Newman feels the flexibility of the process makes current practice dynamic and exciting but also poses a problem for the participants.

“The trick in third-party arbitrating is to be careful and wise - ensure that if you are asked to invoke a process shift, you bring the parties along, particularly the less sophisticated parties,” warns Newman. “As a mediator, you often work with evidence that is not admissible. You might hear rumour, innuendo, information about reputation, and personal rumination.”
She canvasses what happens if the mediation is not successful.

“The arbitrator puts her jacket back on and goes back to the head of the table. There is a physical change, an atmospheric change, and a legal change. The arbitrator is going to disregard evidence that is not evidence. That is a skill that comes with experience in the role. But if the arbitrator fails to explain to the parties what the legal implications of the process shift are, the grievor can become completely confused and potentially dissatisfied. Process change has to be handled appropriately and professionally.”

At present, nobody in Canada can provide figures on which dispute resolution mechanisms are most in use. Genevieve Chornenki, a mediator in private practice in Toronto, says the actual numbers are “one of those continuing mysteries. A program may know how many arbitrations per year and how many mediations per year it conducts, but in a general way, no one can say. In my experience, practitioners who do both would do proportionately more mediation than arbitration if they practise in the civil or family area.”

There is no doubt that law society imperatives making it mandatory for lawyers to canvass ADR options with their clients have helped the trend along, but it could not have happened if clients were not willing to go down that route.

“Mediation is always an easier sell than arbitration because it doesn’t require people to turn over authority to other people,” says Chornenki. “It’s easier to voluntarily commit to arbitration.”

Some choices are not client-driven but policy-driven. The Sport Dispute Resolution Centre of Canada, which was set up as an educative and arbitrative service, shifted its focus in 2006 by requiring mandatory mediation in all but doping cases. President Allan Stitt says the decision was based on the wish to expose people to interest-based approaches, which he hopes will give them a better sense of how to prevent disputes.
“In sport, people still require education,” says Stitt. “We deal with a lot of unrepresented people who don’t necessarily know mediation or arbitration. Athletes are often on their own.”

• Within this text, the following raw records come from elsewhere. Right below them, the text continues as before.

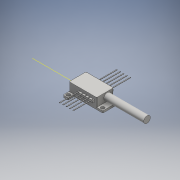
# Autodesk Inventor part: gainchip
Saved by Autodesk Inventor 2016 (Build 200138000, 138)
## iProperties
Created: 2015-09-04
Part Number: gainchip
Material: Generic
Document SubType Name: Modeling
Designer: HE BEC
Density: 1 g/cm^3
Appearance: Default
Author: HE BEC
Autodesk Inventor part; units mm, degrees
ref_plane "YZ Plane" through (0, 0, 0) normal (1, 0, 0) x (0, 1, 0)
ref_plane "XZ Plane" through (0, 0, 0) normal (0, 1, 0) x (-1, 0, 0)
sketch "Sketch1" plane through (0, 0, 0) normal (0, 0, 1) x (1, 0, 0)
  line L0 (-10.4, -6.35) -> (10.4, -6.35)
  line L1 (10.4, -6.35) -> (10.4, 6.35)
  line L2 (10.4, 6.35) -> (-10.4, 6.35)
  line L3 (-10.4, 6.35) -> (-10.4, -6.35)
  line L4 (-10.4, -6.35) -> (10.4, 6.35) construction
  line L5 (10.4, -6.35) -> (-10.4, 6.35) construction
  point P0 (0, 0)
  dimension "d0" = 12.7
  dimension "d1" = 20.8
  constraints: 12 end point, 2 midpoint, 2 parallel, 1 horizontal, 1 perpendicular
  measures "d0" distance of L0.end L1.end
  measures "d1" distance of L1.end L2.end
extrude "Extrusion1" add sketch "Sketch1" along normal blind 6.4
sketch "Sketch4" plane through (0, 0, 0) normal (0, 0, -1) x (-1, 0, 0)
  line L0 (10.4, -10.95) -> (6.6, -10.95)
  line L1 (-15, -6.35) -> (-15, 0)
  line L2 (-15, 0) -> (10.4, 0)
  line L3 (10.4, 0) -> (10.4, -10.95)
  line L4 (10.4, 6.35) -> (10.4, -6.35) projected
  line L5 (-15, -6.35) -> (6.6, -6.35)
  line L6 (6.6, -6.35) -> (6.6, -10.95)
  line L7 (10.4, -6.35) -> (-10.4, -6.35) projected
  point P0 (0, 0)
  dimension "d18" = 10.95
  dimension "d20" = 25.4
  dimension "d21" = 3.8
  constraints: 12 end point, 4 parallel, 1 horizontal, 1 midpoint, 1 perpendicular, 1 point on line
  measures "d18" distance of L2.end L0.start
  measures "d20" distance between parallel lines of L1 L3
  measures "d21" distance of L0.start L0.end
extrude "Extrusion4" add sketch "Sketch4" along normal blind 1.5
sketch "Sketch5" plane through (0, 0, -1.5) normal (0, 0, -1) x (-1, 0, 0)
  circle A0 centre (8.5, -8.95) radius 1.35
  circle A1 centre (-13, -4.45) radius 1.35
  line L0 (6.6, -10.95) -> (10.4, -10.95) projected
  line L1 (10.4, 0) -> (-15, 0) projected
  line L2 (10.4, -10.95) -> (10.4, 0) projected
  line L3 (-15, 0) -> (-15, -6.35) projected
  line L4 (-15, -6.35) -> (6.6, -6.35) projected
  point P0 (0, 0)
  dimension "d24" = 2.7
  dimension "d26" = 8.95
  dimension "d28" = 1.9
  dimension "d29" = 2
  dimension "d31" = 4.45
  constraints: 2 centre point, 1 equal radius
  measures "d24" diameter of A0
  measures "d26" distance from line of L1 A0.centre
  measures "d28" distance from line of L2 A0.centre
  measures "d29" distance from line of L3 A1.centre
  measures "d31" distance from line of L1 A1.centre
extrude "Extrusion5" cut sketch "Sketch5" against normal through all
chamfer "Chamfer2" distance 0.5 angle 45 3 edges at (-10.4, -10.95, -0.75) (-6.6, -10.95, -0.75) (15, -6.35, -0.75)
mirror "Mirror3" about plane through (0, 0, 0) normal (0, 1, 0) of "Extrusion4", "Extrusion5", "Chamfer2"
fillet "Fillet1" radius 0.5 4 edges at (10.4, -6.35, 3.2) (-10.4, -6.35, 3.2) (-10.4, 6.35, 3.2) (10.4, 6.35, 3.2)
ref_plane "Work Plane2" through (0, 0, 2.665) normal (0, 0, -1) x (-1, 0, 0)
sketch "Sketch6" plane through (0, 0, 2.665) normal (0, 0, -1) x (-1, 0, 0)
  line L0 (-9.9, 6.35) -> (9.9, 6.35) projected
  line L1 (-8.8, 6.35) -> (3.2, 6.35)
  line L2 (3.2, 6.35) -> (3.2, 7.65)
  line L3 (3.2, 7.65) -> (-8.8, 7.65)
  line L4 (-8.8, 7.65) -> (-8.8, 6.35)
  line L5 (-10.4, -5.85) -> (-10.4, 5.85) projected
  point P0 (0, 0)
  dimension "d39" = 1.3
  dimension "d40" = 12
  dimension "d41" = 1.6
  constraints: 8 end point, 2 parallel, 1 horizontal, 1 perpendicular, 1 point on line
  measures "d39" distance of L3.end L1.start
  measures "d40" distance of L2.end L3.end
  measures "d41" distance between parallel lines of L5 L4
extrude "Extrusion6" add sketch "Sketch6" against normal blind 1.5
sketch "Sketch7" plane through (0, 0, 4.165) normal (0, 0, 1) x (1, 0, 0)
  line L0 (8.8, 6.35) -> (-3.2, 6.35) projected
  line L1 (8.12, 6.35) -> (7.62, 6.35)
  line L2 (7.62, 6.35) -> (7.62, 21.65)
  line L3 (7.62, 21.65) -> (8.12, 21.65)
  line L4 (8.12, 21.65) -> (8.12, 6.35)
  line L5 (-15.48, 0) -> (20.08, 0) projected
  line L6 (7.87, 6.35) -> (7.87, 21.65) construction
  line L7 (10.4, -5.85) -> (10.4, 5.85) projected
  point P0 (0, 0)
  dimension "d46" = 21.65
  dimension "d47" = 2.53
  dimension "d48" = 0.5
  constraints: 10 end point, 3 parallel, 2 midpoint, 1 horizontal, 1 perpendicular, 1 point on line
  measures "d46" distance between parallel lines of L3 L5
  measures "d47" distance between parallel lines of L7 L6
  measures "d48" distance of L2.end L3.end
extrude "Extrusion7" add sketch "Sketch7" along normal blind 0.2
pattern_linear "Rectangular Pattern1" count 5 spacing 2.54 along (-1, 0, 0) of "Extrusion7"
mirror "Mirror4" about plane through (0, 0, 0) normal (0, 1, 0) of "Extrusion6", "Extrusion7", "Rectangular Pattern1"
sketch "Sketch8" plane through (-10.4, -10.45, -1.5) normal (-1, 0, 0) x (0, 0, 1)
  line L0 (0, 0) -> (0, 20.9) projected
  line L1 (1.5, 4.1) -> (7.9, 4.1) projected
  point P0 (1.5, 10.45)
  point P1 (4.8, 8.6)
  dimension "d54" = 4.8
  dimension "d55" = 4.5
  measures "d54" distance from line of L0 point (4.8, 8.6)
  measures "d55" distance from line of L1 point (4.8, 8.6)
sketch "Sketch9" plane through (10.4, -5.85, 6.4) normal (1, 0, 0) x (0, 0, -1)
  line L0 (7.9, 0) -> (7.9, 11.7) projected
  line L1 (6.4, 12.2) -> (0, 12.2) projected
  circle A0 centre (3.2, 7.35) radius 2.5
  point P0 (6.4, 5.85)
  dimension "d56" = 4.7
  dimension "d57" = 4.85
  dimension "d58" = 5
  constraints: 1 centre point, 1 coincident
  measures "d56" distance from line of L0 point (3.2, 7.35)
  measures "d57" distance from line of L1 point (3.2, 7.35)
  measures "d58" diameter of A0
extrude "fibre_connect" add sketch "Sketch9" along normal blind 30.15
ref_plane "Work Plane1" through (0, 0, 0) normal (0, 1, 0) x (-1, 0, 0)
ref_plane "Work Plane3" through (0, 0, 0) normal (0, 1, 0) x (-1, 0, 0)
body "Solid1"
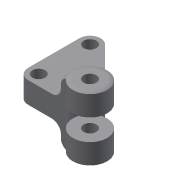
# Autodesk Inventor part: tribar
Saved by Autodesk Inventor 2018 (Build 220112000, 112)
## iProperties
Created: 2018-08-17
Part Number: tribar
Material: Generic
Document SubType Name: Modeling
Designer: Bardo91
Density: 1 g/cm^3
Appearance: Default
Author: Bardo91
Autodesk Inventor part; units mm, degrees
ref_plane "YZ Plane" through (0, 0, 0) normal (1, 0, 0) x (0, 1, 0)
ref_plane "XZ Plane" through (0, 0, 0) normal (0, 1, 0) x (-1, 0, 0)
ref_plane "XY Plane" through (0, 0, 0) normal (0, 0, 1) x (1, 0, 0)
sketch "Sketch1" plane through (0, 0, 0) normal (0, 0, 1) x (1, 0, 0)
  line L0 (0, 0) -> (0, 12)
  line L1 (0, 0) -> (12, 0)
  arc A0 (12, -2.5) -> (13.7678, 1.7678) centre (12, 0) ccw
  arc A1 (-2.5, 0) -> (0, -2.5) centre (0, 0) ccw
  arc A2 (1.7678, 13.7678) -> (-2.5, 12) centre (0, 12) ccw
  line L2 (0, 0) -> (0, -2.5)
  line L3 (0, -2.5) -> (12, -2.5)
  line L4 (0, 12) -> (-2.5, 12)
  line L5 (-2.5, 12) -> (-2.5, 0)
  line L6 (1.7678, 13.7678) -> (13.7678, 1.7678)
  dimension "d14" = 12
  dimension "d15" = 12
  dimension "d16" = 5
  dimension "d17" = 5
  dimension "d18" = 5
  constraints: 14 end point, 6 point on circle, 3 centre point, 3 coincident, 2 perpendicular, 2 vertical, 1 horizontal, 1 parallel
  measures "d14" distance of L0.start L0.end
  measures "d15" distance of L0.start L1.end
  measures "d16" diameter of A0
  measures "d17" diameter of A1
  measures "d18" diameter of A2
extrude "Extrusion1" add sketch "Sketch1" along normal blind 5
sketch "Sketch2" plane through (0, 0, 0) normal (0, 0, -1) x (-1, 0, 0)
  arc A0 (-13.7678, 1.7678) -> (-12, -2.5) centre (-12, 0) ccw projected
  circle A1 centre (-12, 0) radius 4
  point P0 (0, 0)
  dimension "d19" = 8
  constraints: 1 centre point, 1 coincident
  measures "d19" diameter of A1
extrude "Extrusion2" add sketch "Sketch2" along normal blind 5 and the other way blind 10
sketch "Sketch3" plane through (0, 0, 0) normal (0, 0, -1) x (-1, 0, 0)
  circle A0 centre (-12, 0) radius 4 projected
  circle A1 centre (-12, 0) radius 3.5
  point P0 (0, 0)
  dimension "d24" = 7
  constraints: 1 centre point, 1 coincident
  measures "d24" diameter of A1
extrude "Extrusion3" cut sketch "Sketch3" against normal blind 5 contours A0 | A1
sketch "Sketch4" plane through (0, 0, 5) normal (0, 0, 1) x (1, 0, 0)
  circle A0 centre (12, 0) radius 4 projected
  arc A1 (10.7059, 4.8296) -> (7.6699, -2.5) centre (12, 0) ccw
  line L0 (11.5598, 3.9757) -> (1.7678, 13.7678) projected
  line L1 (10.7059, 4.8296) -> (11.5598, 3.9757)
  line L2 (0, -2.5) -> (8.8775, -2.5) projected
  line L3 (8.8775, -2.5) -> (7.6699, -2.5)
  arc A2 (11.5598, 3.9757) -> (8.8775, -2.5) centre (12, 0) ccw
  point P0 (0, 0)
  dimension "d27" = 10
  constraints: 4 end point, 4 point on circle, 2 centre point, 2 coincident, 2 point on line, 1 collinear, 1 concentric
  measures "d27" diameter of A1
extrude "Extrusion4" add sketch "Sketch4" along normal blind 5 and the other way blind 10 contours A0 L2 A1 L0
fillet "Fillet1" radius 2 4 edges at (7.3806, 1.9134, 5) (7.3806, 1.9134, 0) (7.3806, 1.9134, -5) (7.3806, 1.9134, 10)
sketch "Sketch5" plane through (0, 0, 10) normal (0, 0, 1) x (1, 0, 0)
  arc A0 (1.7678, 13.7678) -> (-2.5, 12) centre (0, 12) ccw projected
  circle A1 centre (0, 12) radius 1.5
  circle A2 centre (0, 0) radius 1.5
  arc A3 (8.8775, -2.5) -> (11.5598, 3.9757) centre (12, 0) ccw projected
  circle A4 centre (12, 0) radius 1.5
  dimension "d33" = 3
  dimension "d34" = 3
  dimension "d35" = 3
  constraints: 3 centre point, 3 coincident
  measures "d33" diameter of A1
  measures "d34" diameter of A2
  measures "d35" diameter of A4
extrude "Extrusion5" cut sketch "Sketch5" against normal through all
body "Solid1"
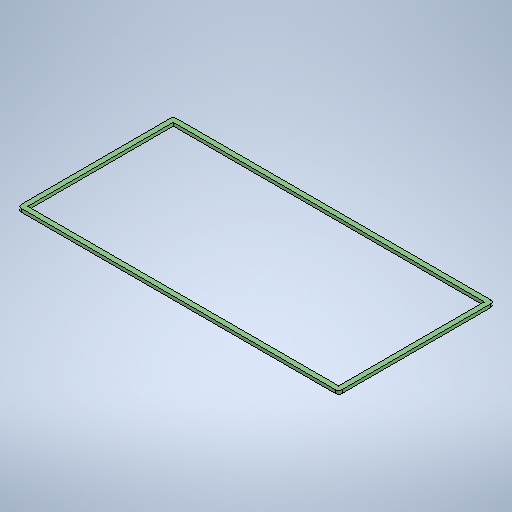
# Autodesk Inventor part: PinecilCaseBorder
Saved by Autodesk Inventor 2026 (Build 300175050, 175E)
## iProperties
Created: 2025-10-10
Part Number: PinecilCaseBorder
Material: ABS Plastic
Document SubType Name: Modeling
Designer: Nicholas M
Density: 1.06 g/cm^3
Appearance: Smooth - Dark Forest Green
Author: Nicholas M
Autodesk Inventor part; units mm, degrees
ref_plane "YZ Plane" through (0, 0, 0) normal (1, 0, 0) x (0, 1, 0)
ref_plane "XZ Plane" through (0, 0, 0) normal (0, 1, 0) x (-1, 0, 0)
ref_plane "XY Plane" through (0, 0, 0) normal (0, 0, 1) x (1, 0, 0)
sketch "Sketch1" plane through (0, 0, 0) normal (0, 1, 0) x (-1, 0, 0)
  line L0 (1.27, 0) -> (121.92, 0)
  line L1 (123.19, -1.27) -> (123.19, -58.42)
  line L2 (121.92, -59.69) -> (1.27, -59.69)
  line L3 (0, -58.42) -> (0, -1.27)
  arc A0 (123.19, -1.27) -> (121.92, 0) centre (121.92, -1.27) ccw
  arc A1 (121.92, -59.69) -> (123.19, -58.42) centre (121.92, -58.42) ccw
  arc A2 (0, -58.42) -> (1.27, -59.69) centre (1.27, -58.42) ccw
  arc A3 (1.27, 0) -> (0, -1.27) centre (1.27, -1.27) ccw
  line L4 (121.285, -1.905) -> (1.905, -1.905)
  line L5 (1.905, -1.905) -> (1.905, -57.785)
  line L6 (1.905, -57.785) -> (121.285, -57.785)
  line L7 (121.285, -57.785) -> (121.285, -1.905)
  point P0 (0, 0)
  point P1 (123.19, -59.69)
  point P2 (123.19, 0)
  point P3 (0, -59.69)
  dimension "d0" = 59.69
  dimension "d1" = 123.19
  dimension "d2" = 1.27
  dimension "d3" = 1.27
  dimension "d4" = 1.905
  constraints: 16 end point, 8 point on circle, 8 point on line, 8 tangent, 4 centre point, 4 parallel, 2 equal radius, 2 perpendicular, 1 horizontal, 3 other
  measures "d0" distance of point (123.19, 0) point (123.19, -59.69)
  measures "d1" distance of point (123.19, -59.69) point (0, -59.69)
  measures "d2" radius of A0
  measures "d3" radius of A3
  measures "d4" distance between parallel lines of L0 L4
extrude "Extrusion1" add sketch "Sketch1" along normal blind 1.27
equation "\"d3\" = d2"
body "Solid1"
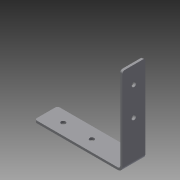
# Autodesk Inventor part: angleBracket
Saved by Autodesk Inventor 2014 (Build 180170000, 170)
## iProperties
Created: 2014-08-29
Part Number: angleBracket
Material: Generic
Document SubType Name: Sheet Metal
Designer: Dave
Density: 1 g/cm^3
Appearance: Default
Sheet Metal Rule: Default
Author: Dave
Autodesk Inventor part; units mm, degrees
ref_plane "YZ Plane" through (0, 0, 0) normal (1, 0, 0) x (0, 1, 0)
ref_plane "XZ Plane" through (0, 0, 0) normal (0, 1, 0) x (-1, 0, 0)
ref_plane "XY Plane" through (0, 0, 0) normal (0, 0, 1) x (1, 0, 0)
sketch "Sketch6" plane through (0, 0, 0) normal (0, 1, 0) x (-1, 0, 0)
  line L0 (0, 0) -> (150, 0)
  line L1 (150, 0) -> (150, 20)
  line L2 (150, 20) -> (0, 20)
  line L3 (0, 20) -> (0, 0)
  dimension "d42" = 150
  dimension "d43" = 20
  constraints: 8 end point, 2 parallel, 1 horizontal, 1 perpendicular
  measures "d42" distance of L0.start L0.end
  measures "d43" distance of L2.end L0.start
extrude "Extrusion3" add sketch "Sketch6" along normal blind 2
fillet "Fillet2" radius 2 4 edges at (-150, 1, 20) (0, 1, 20) (0, 1, 0) (-150, 1, 0)
sketch "Sketch7" plane through (0, 2, 0) normal (0, 1, 0) x (1, 0, 0)
  line L0 (-150, -2) -> (-150, -18) projected
  line L1 (-148, -20) -> (-2, -20) projected
  line L2 (-2, 0) -> (-148, 0) projected
  circle A0 centre (-135, -10) radius 1.3577
  line L3 (-75, 0) -> (-75, -20) construction
  circle A1 centre (-15, -10) radius 1.3577
  line L4 (-150, -10) -> (-75, -10) construction
  point P0 (0, 0)
  dimension "d48" = 60
  constraints: 4 end point, 4 midpoint, 2 centre point, 1 point on line, 1 symmetric about line, 1 other
  measures "d48" distance from line of L3 A0.centre
hole "Hole3" at (-135, 2, 10) at (-15, 2, 10) direction (0, -1, 0) diameter 4 end through all
sketch "Sketch8" plane through (0, 2, 0) normal (0, 1, 0) x (1, 0, 0)
  line L0 (-148, -20) -> (-2, -20) projected
  line L1 (-2, 0) -> (-148, 0) projected
  line L2 (-75, 0) -> (-75, -20)
  point P0 (0, 0)
  constraints: 2 end point, 2 midpoint
fold "Fold1" angle 90 bend radius 2 thickness 2 k factor 0.44 line from (-75, 2, 0) to (-75, 2, 20) line at bend centre moving side (1, 0, 0) folds toward (0, 1, 0)
sketch "Sketch9" plane through (0, 2, 0) normal (0, 1, 0) x (1, 0, 0)
  circle A0 centre (-110, -10) radius 2.3919
  circle A1 centre (-135, -10) radius 2 projected
  point P0 (0, 0)
  dimension "d69" = 25
  constraints: 1 centre point
  measures "d69" distance of A0.centre A1.centre
hole "Hole4" at (-110, 2, 10) direction (0, -1, 0) diameter 4 end through all
sketch "Sketch10" plane through (-75.2619, 4, 20) normal (-1, 0, 0) x (0, 0, 1)
  circle A0 centre (-10, 57.7381) radius 2 projected
  circle A1 centre (-10, 32.7381) radius 1.9296
  point P0 (-20, -4)
  dimension "d70" = 25
  constraints: 1 centre point
  measures "d70" distance of A1.centre A0.centre
hole "Hole5" at (-75.2619, 36.7381, 10) direction (1, 0, 0) diameter 4 end through all
equation "\"d44\" = Thickness"
equation "\"d56\" = BendReliefWidth"
equation "\"d57\" = BendReliefDepth"
equation "\"d58\" = MinimumRemnant"
equation "\"d59\" = BendRadius"
equation "\"d61\" = BendRadius"
equation "\"BendRadius\" = Thickness"
equation "\"BendReliefWidth\" = Thickness"
equation "\"BendReliefDepth\" = 0.5 * Thickness"
equation "\"CornerReliefSize\" = 4 * Thickness"
equation "\"MinimumRemnant\" = 2 * Thickness"
equation "\"TransitionRadius\" = BendRadius"
equation "\"JacobiRadiusSize\" = Thickness"
equation "\"GapSize\" = Thickness"
equation "\"Thickness\" = 2"
body "Solid2"

To this end, the centre appointed a resolution facilitator, described by Stitt as a quasi-mediator. Whoever comes to the centre with a dispute is required to spend three hours with the facilitator, usually over the phone, as a preliminary step before arbitration.
In labour relations, where Newman believes mediation is on everyone’s radar, it is the clients who are driving the change.

“There is a very interesting tension in the field,” observes Newman. “Many skilled arbitrators offer the option [of mediation] but we do not impose the option. In my view, it’s because we respect this critical fact: that it is the parties who are the experts and have the greatest insights into the intricacies and dynamics of their own workplace and collective agreements, so we also respect the parties’ choice of process.”

Her description of the motivations behind the change could apply to many disputes that would benefit from a less adversarial approach
 “The parties have a longstanding continuing relationship that must be maintained. They need to find a way to live happily together and be productive.”

Newman believes that arbitration, by its nature, can produce hostilities that can thwart these designs. “The parties may resolve the battle but then go on to fight the war.”